Your instructions
The data must be reproduced verbatim; images are to be omitted.

Dataset excerpts:
==================================================
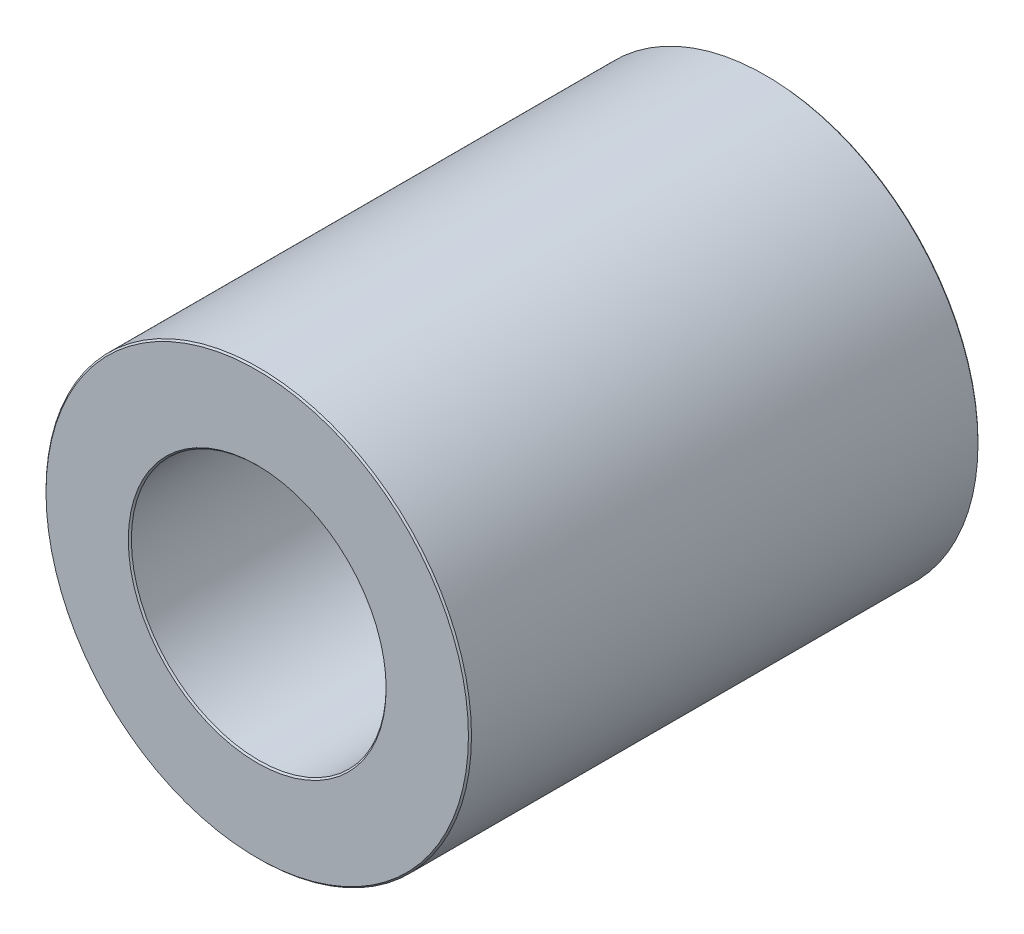
SolidWorks part; units mm, degrees
material "841 Oilite Bronze"
ref_plane "Front Plane" through (0, 0, 0) normal (0, 0, 1) x (1, 0, 0)
ref_plane "Top Plane" through (0, 0, 0) normal (0, 1, 0) x (1, 0, 0)
ref_plane "Right Plane" through (0, 0, 0) normal (1, 0, 0) x (0, 0, -1)
sketch "Sketch1" plane through (0, 0, 0) normal (0, 0, 1) x (1, 0, 0)
  circle A0 centre (0, 0) radius 5.01
  circle A1 centre (0, 0) radius 3
  point P8 (0, -5.01)
  point P9 (0, 5.01)
  dimension "ID" = 6
  dimension "OD" = 10.02
sketch "Sketch2" plane through (0, 0, 0) normal (1, 0, 0) x (0, 0, -1)
  line L0 (6, 0) -> (-6, 0) construction
  line L1 (6, 5.01) -> (-6, 5.01) construction
  point P4 (0, 0)
  point P8 (0, 5.01)
  point P9 (0, 5.01)
  dimension "Length" = 12
sketch "Sketch5" plane through (0, 0, 0) normal (0, 0, 1) x (1, 0, 0)
  circle A0 centre (0, 0) radius 3 construction
  circle A1 centre (0, 0) radius 5.01 construction
  circle A2 centre (0, 0) radius 3
  circle A3 centre (0, 0) radius 5.01
extrude "Boss-Extrude1" add sketch "Sketch5" along normal up to vertex (6 mm away) and the other way up to vertex (6 mm away) up to point (0, 0, 6) other way up to point (0, 0, -6)
chamfer "Chamfer1" distance 0.036 angle 45 4 edges at (5.01, 0, -6) (3, 0, -6) (3, 0, 6) (5.01, 0, 6)
equation "\"D1@Chamfer1\"=\"ID@Sketch1\"*.006"
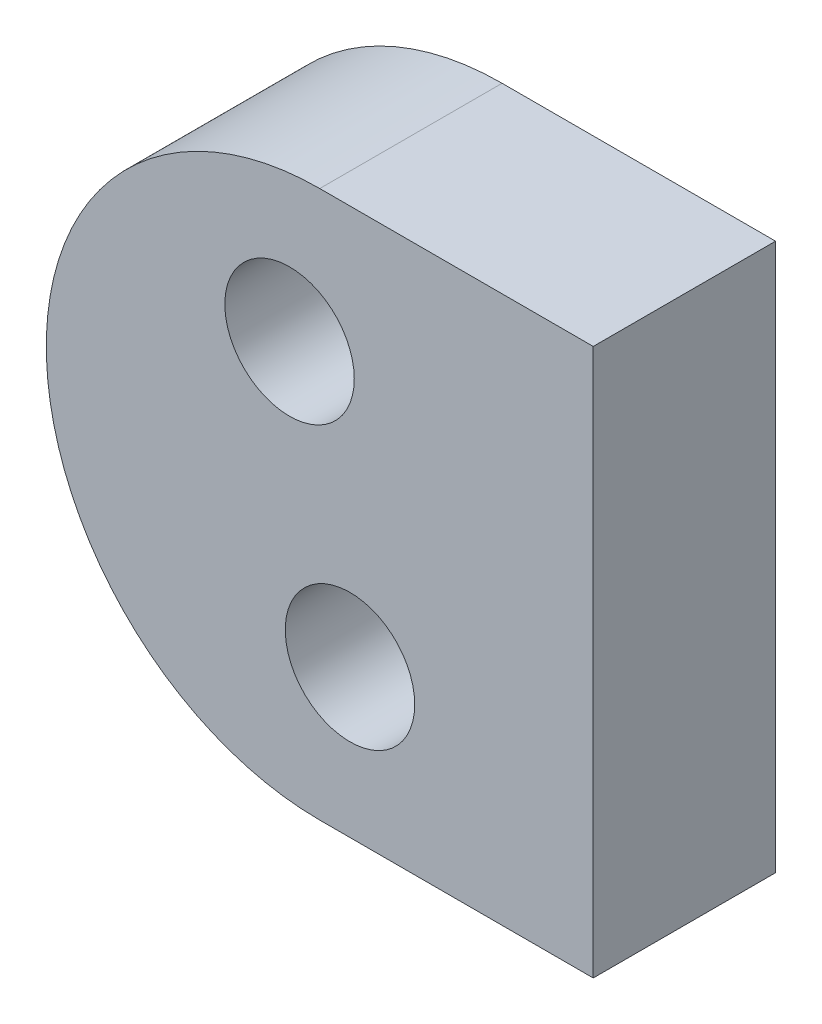
SolidWorks part; units mm, degrees
ref_plane "Front Plane" through (0, 0, 0) normal (0, 0, 1) x (1, 0, 0)
ref_plane "Top Plane" through (0, 0, 0) normal (0, 1, 0) x (1, 0, 0)
ref_plane "Right Plane" through (0, 0, 0) normal (1, 0, 0) x (0, 0, -1)
sketch "Sketch1" plane through (0, 0, 0) normal (0, 0, 1) x (1, 0, 0)
  line L0 (0, 0) -> (0.8287, -3.4519) construction
  line L1 (0, 0) -> (0, -3.55) construction
  line L3 (0.4144, 2.024) -> (4.1644, 2.024)
  line L5 (0.4144, -5.476) -> (4.1644, -5.476)
  line L6 (4.1644, 2.024) -> (4.1644, -5.476)
  circle A0 centre (0, 0) radius 0.8875
  circle A1 centre (0.8287, -3.4519) radius 0.8875
  arc A2 (0.4144, 2.024) -> (0.4144, -5.476) centre (0.4144, -1.726) ccw
  dimension "D1" = 1.775
  dimension "D4" = 7.5
  dimension "D2" = 13.5
  dimension "D3" = 3.55
extrude "Boss-Extrude1" add sketch "Sketch1" along normal blind 2.5
equation "\"filamentDia\"= 1.775"
equation "\"D1@Sketch1\"=\"filamentDia\""
equation "\"D3@Sketch1\"=\"filamentDia\"*2"
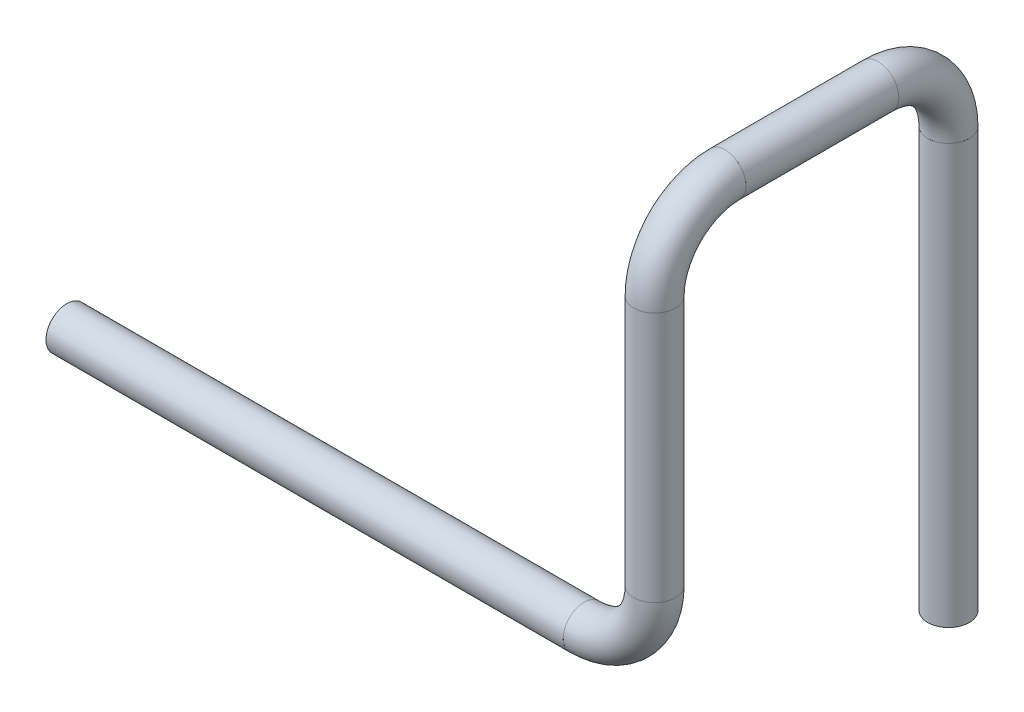
SolidWorks part; units mm, degrees
ref_plane "Ebene vorne" through (0, 0, 0) normal (0, 0, 1) x (1, 0, 0)
ref_plane "Ebene oben" through (0, 0, 0) normal (0, 1, 0) x (1, 0, 0)
ref_plane "Ebene rechts" through (0, 0, 0) normal (1, 0, 0) x (0, 0, -1)
sketch3d "3D-Skizze1"
  line L0 (0, 0, 0) -> (264, 0, 0)
  line L1 (300, 36, 0) -> (300, 164, 0)
  line L2 (300, 200, -36) -> (300, 200, -114)
  line L3 (300, 164, -150) -> (300, -50, -150)
  arc A0 (300, 164, 0) -> (300, 200, -36) centre (300, 164, -36) ccw
  arc A1 (264, 0, 0) -> (300, 36, 0) centre (264, 36, 0) ccw
  arc A2 (300, 200, -114) -> (300, 164, -150) centre (300, 164, -114) ccw
  point P7 (300, 200, 0)
  point P8 (264, 164, -36)
  point P11 (300, 0, 0)
  point P12 (264, 36, 36)
  point P16 (300, 200, -150)
  point P17 (264, 164, -114)
other "Rohr 21.3 X 2.3(1)"
ref_plane "Ebene1" through (0, 0, 0) normal (1, 0, 0) x (0, 0, -1)
sketch "Sketch1" plane through (0, 0, 0) normal (1, 0, 0) x (0, 0, -1)
  circle A0 centre (0, 0) radius 8.35
  circle A1 centre (0, 0) radius 10.65
  point P3 (0, 0)
  dimension "In_dia" = 16.7
  dimension "Out_dia" = 21.3
equation "\"Länge\"= \"D1@3D-Skizze1\" + \"D2@3D-Skizze1\" + \"D3@3D-Skizze1\" + ( 2 * \"D4@3D-Skizze1\" )"
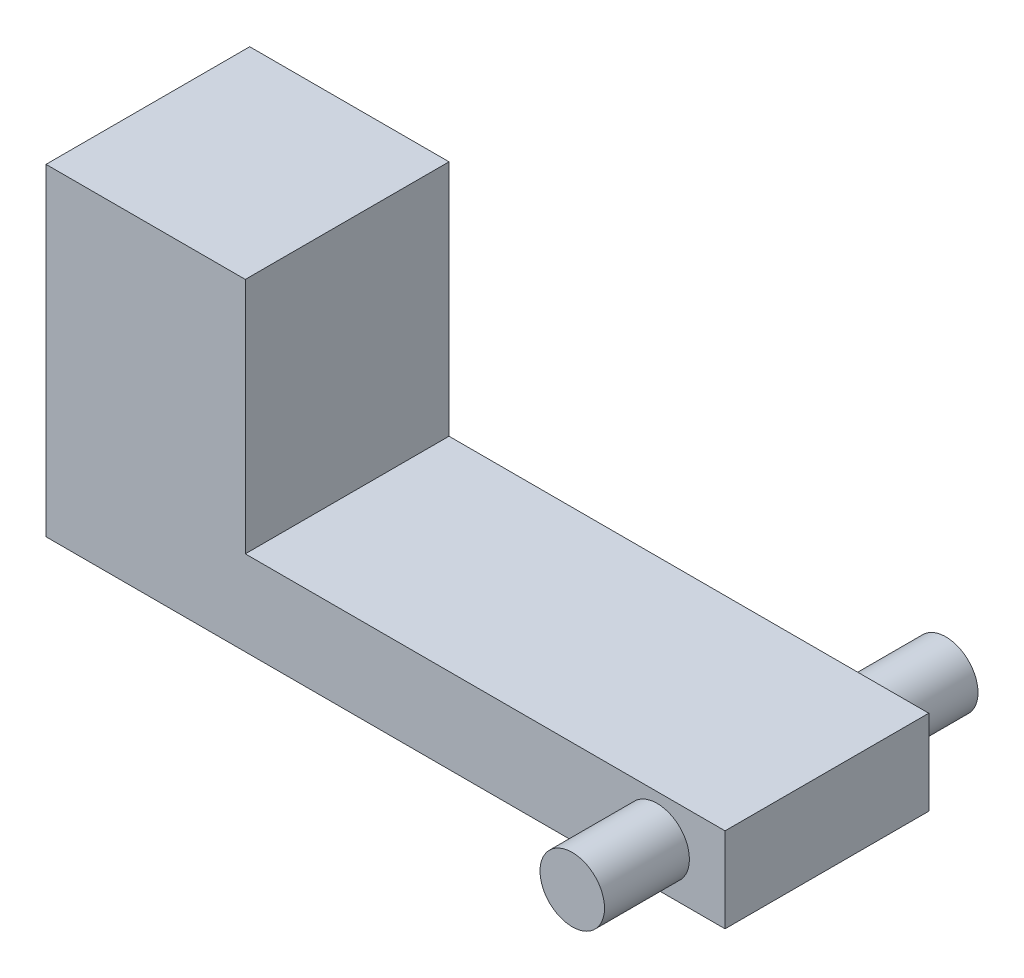
SolidWorks part; units mm, degrees
ref_plane "Front Plane" through (0, 0, 0) normal (0, 0, 1) x (1, 0, 0)
ref_plane "Top Plane" through (0, 0, 0) normal (0, 1, 0) x (1, 0, 0)
ref_plane "Right Plane" through (0, 0, 0) normal (1, 0, 0) x (0, 0, -1)
sketch "Sketch1" plane through (0, 0, 0) normal (0, 1, 0) x (1, 0, 0)
  line L1 (-10, -3) -> (10, -3)
  line L2 (-10, -3) -> (-10, 3)
  line L3 (-10, 3) -> (10, 3)
  line L4 (10, -3) -> (10, 3)
  line L5 (0, 3) -> (0, -3) construction
  line L6 (-10, 0) -> (10, 0) construction
  point P0 (0, 0)
  dimension "D1" = 20
  dimension "D2" = 6
extrude "Boss-Extrude1" add sketch "Sketch1" along normal blind 2.5
sketch "Sketch2" plane through (0, 0, 3) normal (0, 0, 1) x (1, 0, 0)
  line L0 (10, 2.5) -> (10, 0) construction
  line L1 (-10, 2.5) -> (10, 2.5) construction
  circle A0 centre (8, 1.25) radius 0.95
  dimension "D1" = 1.9
  dimension "D2" = 2
  dimension "D3" = 1.25
extrude "Boss-Extrude2" add sketch "Sketch2" along normal blind 2.5 and the other way blind 8.5
sketch "Sketch4" plane through (0, 2.5, 0) normal (0, 1, 0) x (1, 0, 0)
  line L0 (10, 3) -> (-10, 3) construction
  line L1 (-10, -3) -> (-4.1301, -3)
  line L2 (-10, -3) -> (-10, 3)
  line L3 (-10, 3) -> (-4.1301, 3)
  line L4 (-4.1301, -3) -> (-4.1301, 3)
extrude "Boss-Extrude3" add sketch "Sketch4" along normal blind 7
==================================================
Task answer
SolidWorks part; units mm, degrees
material "841 Oilite Bronze"
ref_plane "Front Plane" through (0, 0, 0) normal (0, 0, 1) x (1, 0, 0)
ref_plane "Top Plane" through (0, 0, 0) normal (0, 1, 0) x (1, 0, 0)
ref_plane "Right Plane" through (0, 0, 0) normal (1, 0, 0) x (0, 0, -1)
sketch "Sketch1" plane through (0, 0, 0) normal (0, 0, 1) x (1, 0, 0)
  circle A0 centre (0, 0) radius 5.01
  circle A1 centre (0, 0) radius 3
  point P8 (0, -5.01)
  point P9 (0, 5.01)
  dimension "ID" = 6
  dimension "OD" = 10.02
sketch "Sketch2" plane through (0, 0, 0) normal (1, 0, 0) x (0, 0, -1)
  line L0 (6, 0) -> (-6, 0) construction
  line L1 (6, 5.01) -> (-6, 5.01) construction
  point P4 (0, 0)
  point P8 (0, 5.01)
  point P9 (0, 5.01)
  dimension "Length" = 12
sketch "Sketch5" plane through (0, 0, 0) normal (0, 0, 1) x (1, 0, 0)
  circle A0 centre (0, 0) radius 3 construction
  circle A1 centre (0, 0) radius 5.01 construction
  circle A2 centre (0, 0) radius 3
  circle A3 centre (0, 0) radius 5.01
extrude "Boss-Extrude1" add sketch "Sketch5" along normal up to vertex (6 mm away) and the other way up to vertex (6 mm away) up to point (0, 0, 6) other way up to point (0, 0, -6)
chamfer "Chamfer1" distance 0.036 angle 45 4 edges at (5.01, 0, -6) (3, 0, -6) (3, 0, 6) (5.01, 0, 6)
equation "\"D1@Chamfer1\"=\"ID@Sketch1\"*.006"
SolidWorks part; units mm, degrees
ref_plane "Front Plane" through (0, 0, 0) normal (0, 0, 1) x (1, 0, 0)
ref_plane "Top Plane" through (0, 0, 0) normal (0, 1, 0) x (1, 0, 0)
ref_plane "Right Plane" through (0, 0, 0) normal (1, 0, 0) x (0, 0, -1)
sketch "Sketch1" plane through (0, 0, 0) normal (0, 0, 1) x (1, 0, 0)
  line L0 (0, 0) -> (0.8287, -3.4519) construction
  line L1 (0, 0) -> (0, -3.55) construction
  line L3 (0.4144, 2.024) -> (4.1644, 2.024)
  line L5 (0.4144, -5.476) -> (4.1644, -5.476)
  line L6 (4.1644, 2.024) -> (4.1644, -5.476)
  circle A0 centre (0, 0) radius 0.8875
  circle A1 centre (0.8287, -3.4519) radius 0.8875
  arc A2 (0.4144, 2.024) -> (0.4144, -5.476) centre (0.4144, -1.726) ccw
  dimension "D1" = 1.775
  dimension "D4" = 7.5
  dimension "D2" = 13.5
  dimension "D3" = 3.55
extrude "Boss-Extrude1" add sketch "Sketch1" along normal blind 2.5
equation "\"filamentDia\"= 1.775"
equation "\"D1@Sketch1\"=\"filamentDia\""
equation "\"D3@Sketch1\"=\"filamentDia\"*2"
SolidWorks part; units mm, degrees
ref_plane "Ebene vorne" through (0, 0, 0) normal (0, 0, 1) x (1, 0, 0)
ref_plane "Ebene oben" through (0, 0, 0) normal (0, 1, 0) x (1, 0, 0)
ref_plane "Ebene rechts" through (0, 0, 0) normal (1, 0, 0) x (0, 0, -1)
sketch3d "3D-Skizze1"
  line L0 (0, 0, 0) -> (264, 0, 0)
  line L1 (300, 36, 0) -> (300, 164, 0)
  line L2 (300, 200, -36) -> (300, 200, -114)
  line L3 (300, 164, -150) -> (300, -50, -150)
  arc A0 (300, 164, 0) -> (300, 200, -36) centre (300, 164, -36) ccw
  arc A1 (264, 0, 0) -> (300, 36, 0) centre (264, 36, 0) ccw
  arc A2 (300, 200, -114) -> (300, 164, -150) centre (300, 164, -114) ccw
  point P7 (300, 200, 0)
  point P8 (264, 164, -36)
  point P11 (300, 0, 0)
  point P12 (264, 36, 36)
  point P16 (300, 200, -150)
  point P17 (264, 164, -114)
other "Rohr 21.3 X 2.3(1)"
ref_plane "Ebene1" through (0, 0, 0) normal (1, 0, 0) x (0, 0, -1)
sketch "Sketch1" plane through (0, 0, 0) normal (1, 0, 0) x (0, 0, -1)
  circle A0 centre (0, 0) radius 8.35
  circle A1 centre (0, 0) radius 10.65
  point P3 (0, 0)
  dimension "In_dia" = 16.7
  dimension "Out_dia" = 21.3
equation "\"Länge\"= \"D1@3D-Skizze1\" + \"D2@3D-Skizze1\" + \"D3@3D-Skizze1\" + ( 2 * \"D4@3D-Skizze1\" )"
SolidWorks part; units mm, degrees
ref_plane "Front Plane" through (0, 0, 0) normal (0, 0, 1) x (1, 0, 0)
ref_plane "Top Plane" through (0, 0, 0) normal (0, 1, 0) x (1, 0, 0)
ref_plane "Right Plane" through (0, 0, 0) normal (1, 0, 0) x (0, 0, -1)
sketch "Sketch1" plane through (0, 0, 0) normal (0, 1, 0) x (1, 0, 0)
  line L1 (-10, -3) -> (10, -3)
  line L2 (-10, -3) -> (-10, 3)
  line L3 (-10, 3) -> (10, 3)
  line L4 (10, -3) -> (10, 3)
  line L5 (0, 3) -> (0, -3) construction
  line L6 (-10, 0) -> (10, 0) construction
  point P0 (0, 0)
  dimension "D1" = 20
  dimension "D2" = 6
extrude "Boss-Extrude1" add sketch "Sketch1" along normal blind 2.5
sketch "Sketch2" plane through (0, 0, 3) normal (0, 0, 1) x (1, 0, 0)
  line L0 (10, 2.5) -> (10, 0) construction
  line L1 (-10, 2.5) -> (10, 2.5) construction
  circle A0 centre (8, 1.25) radius 0.95
  dimension "D1" = 1.9
  dimension "D2" = 2
  dimension "D3" = 1.25
extrude "Boss-Extrude2" add sketch "Sketch2" along normal blind 2.5 and the other way blind 8.5
sketch "Sketch4" plane through (0, 2.5, 0) normal (0, 1, 0) x (1, 0, 0)
  line L0 (10, 3) -> (-10, 3) construction
  line L1 (-10, -3) -> (-4.1301, -3)
  line L2 (-10, -3) -> (-10, 3)
  line L3 (-10, 3) -> (-4.1301, 3)
  line L4 (-4.1301, -3) -> (-4.1301, 3)
extrude "Boss-Extrude3" add sketch "Sketch4" along normal blind 7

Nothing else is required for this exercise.